[What is expected] Give again, word for word, every line below from the one that has "arc M5 (-14.7192, 14.6196)" through the one that has "(-17.1432, 15, -15.9984)", both included, and no others.

══ Records shown ══

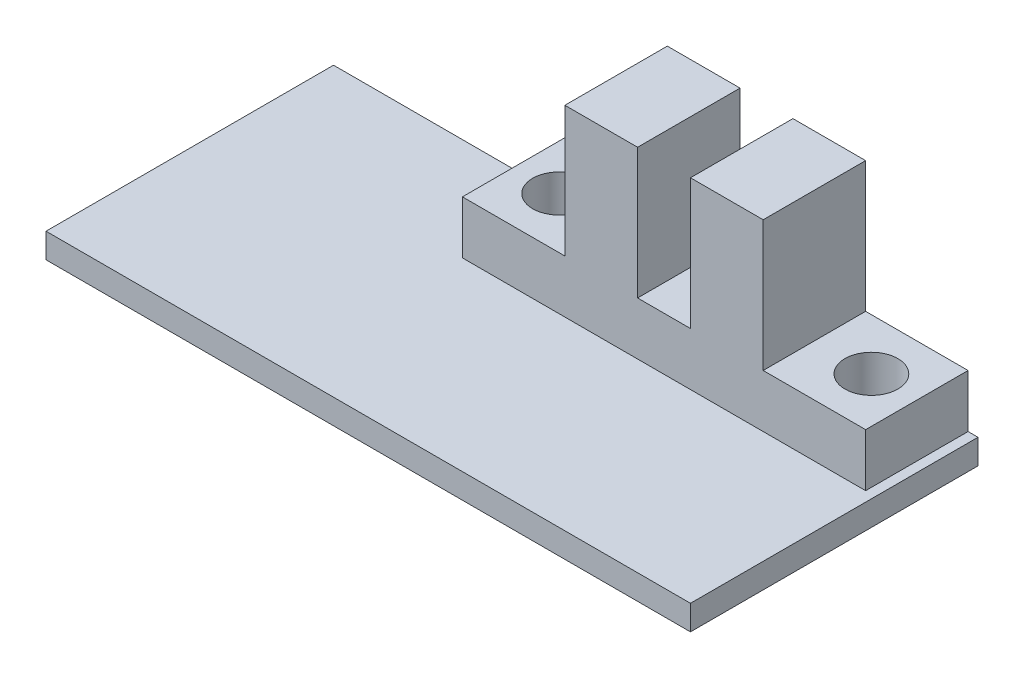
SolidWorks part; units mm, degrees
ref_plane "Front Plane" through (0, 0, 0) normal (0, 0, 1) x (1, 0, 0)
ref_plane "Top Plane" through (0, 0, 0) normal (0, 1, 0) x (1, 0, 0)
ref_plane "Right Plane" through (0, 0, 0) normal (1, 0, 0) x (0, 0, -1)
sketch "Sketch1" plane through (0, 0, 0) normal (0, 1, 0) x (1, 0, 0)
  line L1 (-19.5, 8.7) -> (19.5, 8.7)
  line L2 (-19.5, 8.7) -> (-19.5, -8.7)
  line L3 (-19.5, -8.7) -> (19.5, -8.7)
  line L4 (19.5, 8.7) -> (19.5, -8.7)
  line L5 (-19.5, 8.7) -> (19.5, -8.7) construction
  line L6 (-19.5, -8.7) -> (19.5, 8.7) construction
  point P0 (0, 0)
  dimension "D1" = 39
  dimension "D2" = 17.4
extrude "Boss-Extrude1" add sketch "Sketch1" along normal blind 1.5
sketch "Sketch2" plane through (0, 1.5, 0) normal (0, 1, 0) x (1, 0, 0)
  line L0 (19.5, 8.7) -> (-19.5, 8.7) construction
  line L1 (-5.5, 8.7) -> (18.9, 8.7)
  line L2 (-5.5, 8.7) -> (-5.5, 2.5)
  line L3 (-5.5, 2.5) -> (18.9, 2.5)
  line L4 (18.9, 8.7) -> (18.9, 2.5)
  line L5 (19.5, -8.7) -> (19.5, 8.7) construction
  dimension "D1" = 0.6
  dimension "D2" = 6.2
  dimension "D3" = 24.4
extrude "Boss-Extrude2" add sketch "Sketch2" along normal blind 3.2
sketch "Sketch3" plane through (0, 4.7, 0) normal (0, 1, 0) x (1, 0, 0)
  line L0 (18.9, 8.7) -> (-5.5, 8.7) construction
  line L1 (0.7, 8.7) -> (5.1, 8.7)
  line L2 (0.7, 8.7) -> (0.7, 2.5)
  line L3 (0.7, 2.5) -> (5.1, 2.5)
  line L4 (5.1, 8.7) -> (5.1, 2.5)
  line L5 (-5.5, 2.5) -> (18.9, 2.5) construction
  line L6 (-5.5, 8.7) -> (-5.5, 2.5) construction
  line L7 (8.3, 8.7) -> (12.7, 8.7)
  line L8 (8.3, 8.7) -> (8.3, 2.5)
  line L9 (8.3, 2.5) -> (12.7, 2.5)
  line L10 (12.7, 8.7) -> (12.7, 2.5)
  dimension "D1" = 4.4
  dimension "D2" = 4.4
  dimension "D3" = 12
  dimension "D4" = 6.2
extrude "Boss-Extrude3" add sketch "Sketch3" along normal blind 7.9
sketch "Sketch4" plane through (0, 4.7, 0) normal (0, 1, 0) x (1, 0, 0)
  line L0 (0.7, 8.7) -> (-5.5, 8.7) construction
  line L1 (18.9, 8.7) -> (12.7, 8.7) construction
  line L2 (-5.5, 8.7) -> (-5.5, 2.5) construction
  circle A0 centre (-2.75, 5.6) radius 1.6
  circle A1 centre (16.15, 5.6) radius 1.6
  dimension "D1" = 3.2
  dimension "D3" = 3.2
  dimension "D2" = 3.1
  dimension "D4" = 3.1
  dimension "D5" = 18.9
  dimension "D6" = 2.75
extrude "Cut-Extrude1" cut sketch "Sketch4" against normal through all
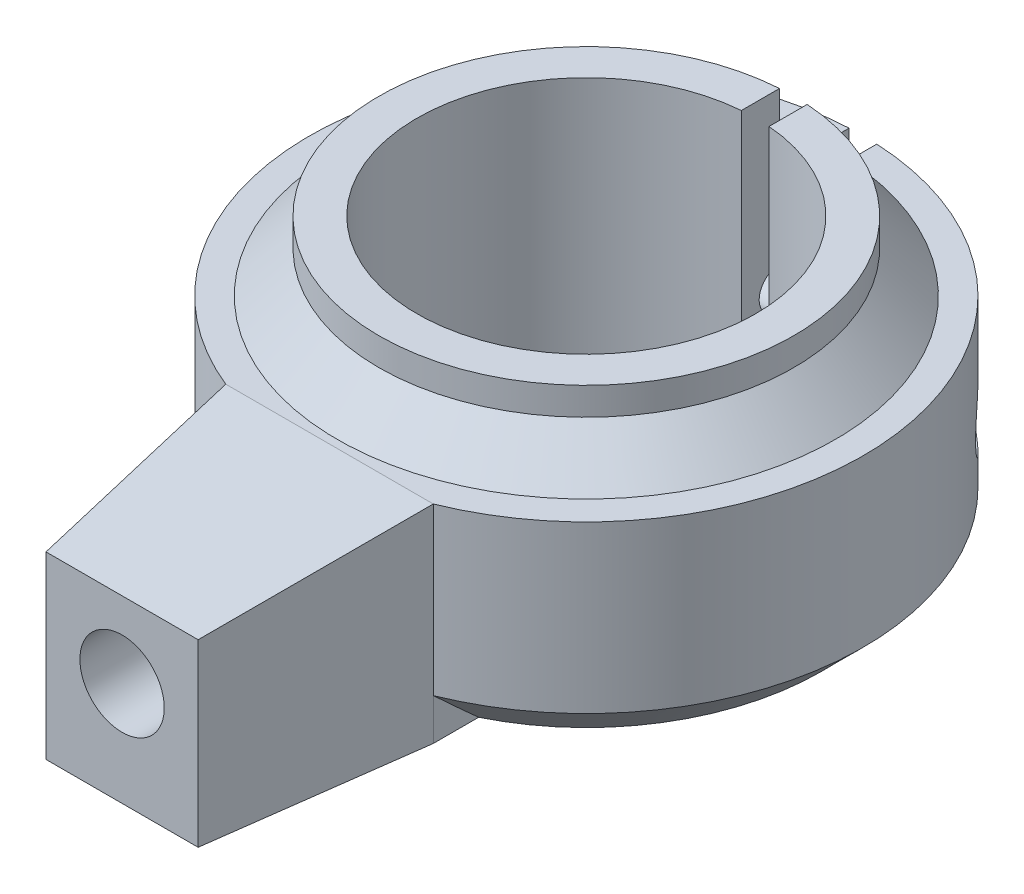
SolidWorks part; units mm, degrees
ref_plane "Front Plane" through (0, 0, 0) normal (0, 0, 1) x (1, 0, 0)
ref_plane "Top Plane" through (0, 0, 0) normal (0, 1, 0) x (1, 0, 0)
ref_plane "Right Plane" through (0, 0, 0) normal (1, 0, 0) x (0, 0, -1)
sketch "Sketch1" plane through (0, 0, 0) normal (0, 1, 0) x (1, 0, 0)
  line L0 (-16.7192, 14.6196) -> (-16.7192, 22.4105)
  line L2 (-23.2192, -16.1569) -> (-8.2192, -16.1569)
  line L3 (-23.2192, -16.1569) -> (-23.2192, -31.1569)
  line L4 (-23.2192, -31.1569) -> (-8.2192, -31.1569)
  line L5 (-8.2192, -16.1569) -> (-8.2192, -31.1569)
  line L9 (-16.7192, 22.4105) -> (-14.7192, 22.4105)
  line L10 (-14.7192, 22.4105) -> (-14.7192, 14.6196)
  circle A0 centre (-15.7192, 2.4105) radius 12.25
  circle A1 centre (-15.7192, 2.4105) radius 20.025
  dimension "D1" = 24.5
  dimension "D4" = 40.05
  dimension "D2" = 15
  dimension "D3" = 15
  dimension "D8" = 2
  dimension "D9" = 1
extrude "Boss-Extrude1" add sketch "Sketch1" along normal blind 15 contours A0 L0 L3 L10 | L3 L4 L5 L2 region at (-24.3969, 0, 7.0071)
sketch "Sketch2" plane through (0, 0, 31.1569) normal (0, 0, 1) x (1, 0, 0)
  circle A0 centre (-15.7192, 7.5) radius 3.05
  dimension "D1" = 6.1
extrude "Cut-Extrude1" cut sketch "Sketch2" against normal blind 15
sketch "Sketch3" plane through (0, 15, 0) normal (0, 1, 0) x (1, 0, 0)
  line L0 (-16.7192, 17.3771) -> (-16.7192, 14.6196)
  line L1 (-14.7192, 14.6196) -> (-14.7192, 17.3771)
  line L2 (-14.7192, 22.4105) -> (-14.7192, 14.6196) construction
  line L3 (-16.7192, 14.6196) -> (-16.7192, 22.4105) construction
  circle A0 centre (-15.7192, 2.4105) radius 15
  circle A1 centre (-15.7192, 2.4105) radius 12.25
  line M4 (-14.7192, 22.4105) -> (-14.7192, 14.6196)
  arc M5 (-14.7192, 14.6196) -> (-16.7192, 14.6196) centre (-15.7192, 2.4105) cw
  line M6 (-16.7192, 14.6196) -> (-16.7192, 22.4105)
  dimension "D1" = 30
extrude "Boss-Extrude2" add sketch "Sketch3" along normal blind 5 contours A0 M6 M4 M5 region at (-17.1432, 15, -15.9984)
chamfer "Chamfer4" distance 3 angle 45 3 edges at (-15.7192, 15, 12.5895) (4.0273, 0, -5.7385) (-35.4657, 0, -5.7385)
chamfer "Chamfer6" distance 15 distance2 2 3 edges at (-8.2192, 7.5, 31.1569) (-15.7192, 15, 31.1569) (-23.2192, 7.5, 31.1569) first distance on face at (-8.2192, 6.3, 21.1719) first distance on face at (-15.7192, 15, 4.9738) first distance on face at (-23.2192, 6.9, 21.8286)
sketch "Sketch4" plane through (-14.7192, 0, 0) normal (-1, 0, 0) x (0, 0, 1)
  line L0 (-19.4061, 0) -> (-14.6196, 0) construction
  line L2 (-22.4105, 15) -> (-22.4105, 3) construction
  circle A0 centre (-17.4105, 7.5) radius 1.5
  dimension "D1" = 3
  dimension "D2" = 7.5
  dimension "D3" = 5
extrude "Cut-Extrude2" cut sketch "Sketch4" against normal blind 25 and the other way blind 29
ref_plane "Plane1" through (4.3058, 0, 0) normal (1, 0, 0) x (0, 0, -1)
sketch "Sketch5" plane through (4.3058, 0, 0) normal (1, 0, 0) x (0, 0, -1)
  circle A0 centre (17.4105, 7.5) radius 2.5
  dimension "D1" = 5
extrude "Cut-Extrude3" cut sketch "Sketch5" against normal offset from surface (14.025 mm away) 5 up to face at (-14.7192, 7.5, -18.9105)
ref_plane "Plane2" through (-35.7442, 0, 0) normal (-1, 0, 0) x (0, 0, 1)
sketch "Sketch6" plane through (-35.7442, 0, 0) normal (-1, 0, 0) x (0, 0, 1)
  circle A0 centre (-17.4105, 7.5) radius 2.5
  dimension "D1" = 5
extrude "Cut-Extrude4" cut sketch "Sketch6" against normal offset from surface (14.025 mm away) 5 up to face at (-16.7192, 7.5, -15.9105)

═══

[Solution for this task]
  arc M5 (-14.7192, 14.6196) -> (-16.7192, 14.6196) centre (-15.7192, 2.4105) cw
  line M6 (-16.7192, 14.6196) -> (-16.7192, 22.4105)
  dimension "D1" = 30
extrude "Boss-Extrude2" add sketch "Sketch3" along normal blind 5 contours A0 M6 M4 M5 region at (-17.1432, 15, -15.9984)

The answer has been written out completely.